Additions and corrections
A facile surfactant critical micelle concentration determination
Lifeng Cai, Miriam Gochin and Keliang Liu
Chem. Commun., 2011, 47, 5527–5529 (DOI: 10.1039/C1CC10605H ). Amendment published 24th May 2013.
The measurements in the above article used a Molecular Devices SpectraMax M5 plate reader with the detector located above the plate (top-read), while the light path shown in the original Fig 1C was for a bottom-read instrument (with detector below the plate). The correct Figure 1 should be:
Fig. 1 Converting liquid surface curvature variations in microplate wells into quantitative absorbance signals. (A) Various liquid surface curvatures are formed in microplate wells for solutions with different surface tensions by the capillary effect. Photograph of a Greiner 384-well black/clear microplate, two rows of wells at top, middle and bottom contain 30 ml Triton X-100 solution in serial dilution, the last two wells in each row contained buffer only; the remaining rows are empty. The liquid surface curvature variations are distinguishable by eye from their different reflection of light. (B) Absorbance signal vs. Triton X-100 concentration in the microplate wells measured using a Molecular Device SpectraMax M5 plate reader by offset of the detecting light beam 1 mm from the well center and detected at 900 nm wavelength. (C) Light paths in the instrument for absorbance measurement in a top-read instrument (Molecular Device SpectraMax M5 plate reader used in this manuscript). (D) Light path for bottom-read instrument. The light beam was offset from the well center to enable refraction from a different normal at different liquid surface curvature. The vertical detecting light beam (red line) passes through the liquid (azure shadow)–air interfaces with refraction and reaches the detector with a shift from the original vertical location. The shift value can be calculated by solving the triangles with known h1 and h2 or h, offset, and the refractive index of liquid and air, n2, n1, at a given liquid surface curvature radius R (for detail see Supplementary Material 3, ESI).

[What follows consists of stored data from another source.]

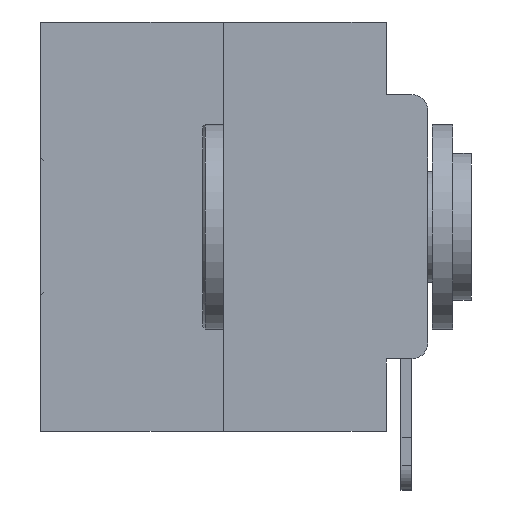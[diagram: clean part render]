
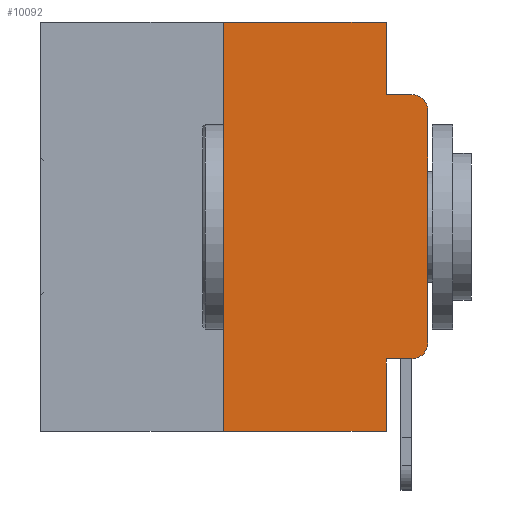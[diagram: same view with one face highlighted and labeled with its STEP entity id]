
A CAD part, left-side view. The second image highlights one B-rep face of the part: STEP entity #10092.
In plain terms, the highlighted planar face has unit normal (-1, 0, 0).
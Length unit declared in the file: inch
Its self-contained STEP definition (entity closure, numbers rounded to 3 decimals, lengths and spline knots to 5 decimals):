
#350 = DIRECTION ( 'NONE',  ( 0., 0., 1. ) ) ;
#868 = EDGE_CURVE ( 'NONE', #11809, #3276, #22494, .T. ) ;
#1090 = ORIENTED_EDGE ( 'NONE', *, *, #24768, .F. ) ;
#1964 = CARTESIAN_POINT ( 'NONE',  ( 0., 0.02, -0.3915 ) ) ;
#2411 = CARTESIAN_POINT ( 'NONE',  ( 0., 0.473, -0.5 ) ) ;
#2416 = ORIENTED_EDGE ( 'NONE', *, *, #868, .F. ) ;
#3276 = VERTEX_POINT ( 'NONE', #6260 ) ;
#3579 = CARTESIAN_POINT ( 'NONE',  ( 0., 0.051, -0.4115 ) ) ;
#4130 = LINE ( 'NONE', #23914, #23079 ) ;
#4134 = VERTEX_POINT ( 'NONE', #6064 ) ;
#4186 = DIRECTION ( 'NONE',  ( 0., 0., 1. ) ) ;
#4683 = VECTOR ( 'NONE', #15118, 39.37008 ) ;
#4741 = DIRECTION ( 'NONE',  ( 0., 0., -1. ) ) ;
#4911 = CIRCLE ( 'NONE', #29631, 0.02 ) ;
#5179 = DIRECTION ( 'NONE',  ( 1., 0., 0. ) ) ;
#5388 = CIRCLE ( 'NONE', #15864, 0.02 ) ;
#5958 = CARTESIAN_POINT ( 'NONE',  ( 0., 0.051, 0. ) ) ;
#6064 = CARTESIAN_POINT ( 'NONE',  ( 0., 0.051, -0.0885 ) ) ;
#6260 = CARTESIAN_POINT ( 'NONE',  ( 0., 0.051, -0.5 ) ) ;
#6265 = CARTESIAN_POINT ( 'NONE',  ( 0., 0.051, 0. ) ) ;
#6618 = ORIENTED_EDGE ( 'NONE', *, *, #16950, .T. ) ;
#6648 = ORIENTED_EDGE ( 'NONE', *, *, #8945, .F. ) ;
#6984 = EDGE_CURVE ( 'NONE', #27176, #3276, #11547, .T. ) ;
#7328 = DIRECTION ( 'NONE',  ( 0., -1., 0. ) ) ;
#8380 = EDGE_CURVE ( 'NONE', #11333, #25883, #5388, .T. ) ;
#8750 = EDGE_CURVE ( 'NONE', #11809, #11333, #16243, .T. ) ;
#8764 = ORIENTED_EDGE ( 'NONE', *, *, #24740, .F. ) ;
#8945 = EDGE_CURVE ( 'NONE', #31184, #14234, #16530, .T. ) ;
#9177 = VECTOR ( 'NONE', #15223, 39.37008 ) ;
#9835 = CARTESIAN_POINT ( 'NONE',  ( 0., 0.02, -0.4115 ) ) ;
#10092 = ADVANCED_FACE ( 'NONE', ( #20676 ), #27063, .F. ) ;
#10716 = ORIENTED_EDGE ( 'NONE', *, *, #8380, .T. ) ;
#11131 = VERTEX_POINT ( 'NONE', #23492 ) ;
#11333 = VERTEX_POINT ( 'NONE', #9835 ) ;
#11547 = LINE ( 'NONE', #2411, #4683 ) ;
#11809 = VERTEX_POINT ( 'NONE', #18744 ) ;
#12309 = AXIS2_PLACEMENT_3D ( 'NONE', #15125, #5179, #22404 ) ;
#13328 = ORIENTED_EDGE ( 'NONE', *, *, #8750, .T. ) ;
#13467 = DIRECTION ( 'NONE',  ( -1., 0., 0. ) ) ;
#14234 = VERTEX_POINT ( 'NONE', #5958 ) ;
#15118 = DIRECTION ( 'NONE',  ( 0., -1., 0. ) ) ;
#15125 = CARTESIAN_POINT ( 'NONE',  ( 0., 0.473, 0. ) ) ;
#15223 = DIRECTION ( 'NONE',  ( 0., 0., -1. ) ) ;
#15271 = VECTOR ( 'NONE', #350, 39.37008 ) ;
#15297 = DIRECTION ( 'NONE',  ( 0., -1., 0. ) ) ;
#15864 = AXIS2_PLACEMENT_3D ( 'NONE', #1964, #19576, #4741 ) ;
#16220 = DIRECTION ( 'NONE',  ( 0., -1., 0. ) ) ;
#16243 = LINE ( 'NONE', #3579, #27480 ) ;
#16530 = LINE ( 'NONE', #29051, #28502 ) ;
#16783 = LINE ( 'NONE', #22923, #15271 ) ;
#16950 = EDGE_CURVE ( 'NONE', #11131, #23719, #4911, .T. ) ;
#17550 = EDGE_CURVE ( 'NONE', #4134, #23719, #22989, .T. ) ;
#18536 = DIRECTION ( 'NONE',  ( 0., 0., -1. ) ) ;
#18572 = ORIENTED_EDGE ( 'NONE', *, *, #6984, .T. ) ;
#18744 = CARTESIAN_POINT ( 'NONE',  ( 0., 0.051, -0.4115 ) ) ;
#19576 = DIRECTION ( 'NONE',  ( -1., 0., 0. ) ) ;
#19579 = EDGE_CURVE ( 'NONE', #25883, #11131, #4130, .T. ) ;
#20676 = FACE_OUTER_BOUND ( 'NONE', #26181, .T. ) ;
#21173 = ORIENTED_EDGE ( 'NONE', *, *, #17550, .F. ) ;
#21515 = CARTESIAN_POINT ( 'NONE',  ( 0., 0.02, -0.0885 ) ) ;
#21932 = CARTESIAN_POINT ( 'NONE',  ( 0., 0.25, 0. ) ) ;
#22404 = DIRECTION ( 'NONE',  ( 0., 0., -1. ) ) ;
#22478 = CARTESIAN_POINT ( 'NONE',  ( 0., 0.051, -0.0885 ) ) ;
#22494 = LINE ( 'NONE', #6265, #28044 ) ;
#22923 = CARTESIAN_POINT ( 'NONE',  ( 0., 0.25, 0. ) ) ;
#22989 = LINE ( 'NONE', #22478, #28546 ) ;
#23079 = VECTOR ( 'NONE', #4186, 39.37008 ) ;
#23492 = CARTESIAN_POINT ( 'NONE',  ( 0., 0., -0.1085 ) ) ;
#23719 = VERTEX_POINT ( 'NONE', #21515 ) ;
#23787 = ORIENTED_EDGE ( 'NONE', *, *, #19579, .T. ) ;
#23914 = CARTESIAN_POINT ( 'NONE',  ( 0., 0., 0. ) ) ;
#24740 = EDGE_CURVE ( 'NONE', #14234, #4134, #28265, .T. ) ;
#24768 = EDGE_CURVE ( 'NONE', #27176, #31184, #16783, .T. ) ;
#25015 = CARTESIAN_POINT ( 'NONE',  ( 0., 0.25, -0.5 ) ) ;
#25883 = VERTEX_POINT ( 'NONE', #31931 ) ;
#26181 = EDGE_LOOP ( 'NONE', ( #23787, #6618, #21173, #8764, #6648, #1090, #18572, #2416, #13328, #10716 ) ) ;
#27063 = PLANE ( 'NONE',  #12309 ) ;
#27168 = CARTESIAN_POINT ( 'NONE',  ( 0., 0.051, 0. ) ) ;
#27176 = VERTEX_POINT ( 'NONE', #25015 ) ;
#27480 = VECTOR ( 'NONE', #16220, 39.37008 ) ;
#27793 = CARTESIAN_POINT ( 'NONE',  ( 0., 0.02, -0.1085 ) ) ;
#28044 = VECTOR ( 'NONE', #18536, 39.37008 ) ;
#28265 = LINE ( 'NONE', #27168, #9177 ) ;
#28502 = VECTOR ( 'NONE', #7328, 39.37008 ) ;
#28546 = VECTOR ( 'NONE', #15297, 39.37008 ) ;
#29051 = CARTESIAN_POINT ( 'NONE',  ( 0., 0.473, 0. ) ) ;
#29631 = AXIS2_PLACEMENT_3D ( 'NONE', #27793, #13467, #30134 ) ;
#30134 = DIRECTION ( 'NONE',  ( 0., 0., -1. ) ) ;
#31184 = VERTEX_POINT ( 'NONE', #21932 ) ;
#31931 = CARTESIAN_POINT ( 'NONE',  ( 0., 0., -0.3915 ) ) ;

The original Supplementary Materials 3 provides equations for calculation of shift values for a bottom-read plate reader (corrected Fig 1D). In a top-read plate reader, the refracting detecting light beam changes direction only once when leaving the liquid (corrected Fig 1C); like h1, h in the corrected Fig 1C is insensitive to the liquid curvature change when the offset is ~0.7 of the well radius and can be considered as constant for the same liquid volume; based on the same principle, the shift value in Fig 1C can be calculated by the following equations:
Sin(α) = offset/R;
Sin(α+β)/Sin(α) = n2/n1;
Shift = h*tan(β)
Acknowledgement: The authors thank Dr Søren Møller Nielsen, Principal Scientist, Molecular Pharmacology, H. Lundbeck A/S, Ottiliavej 9, DK-2500 Copenhagen Valby, Denmark for identifying this inconsistency.
The Royal Society of Chemistry apologises for these errors and any consequent inconvenience to authors and readers.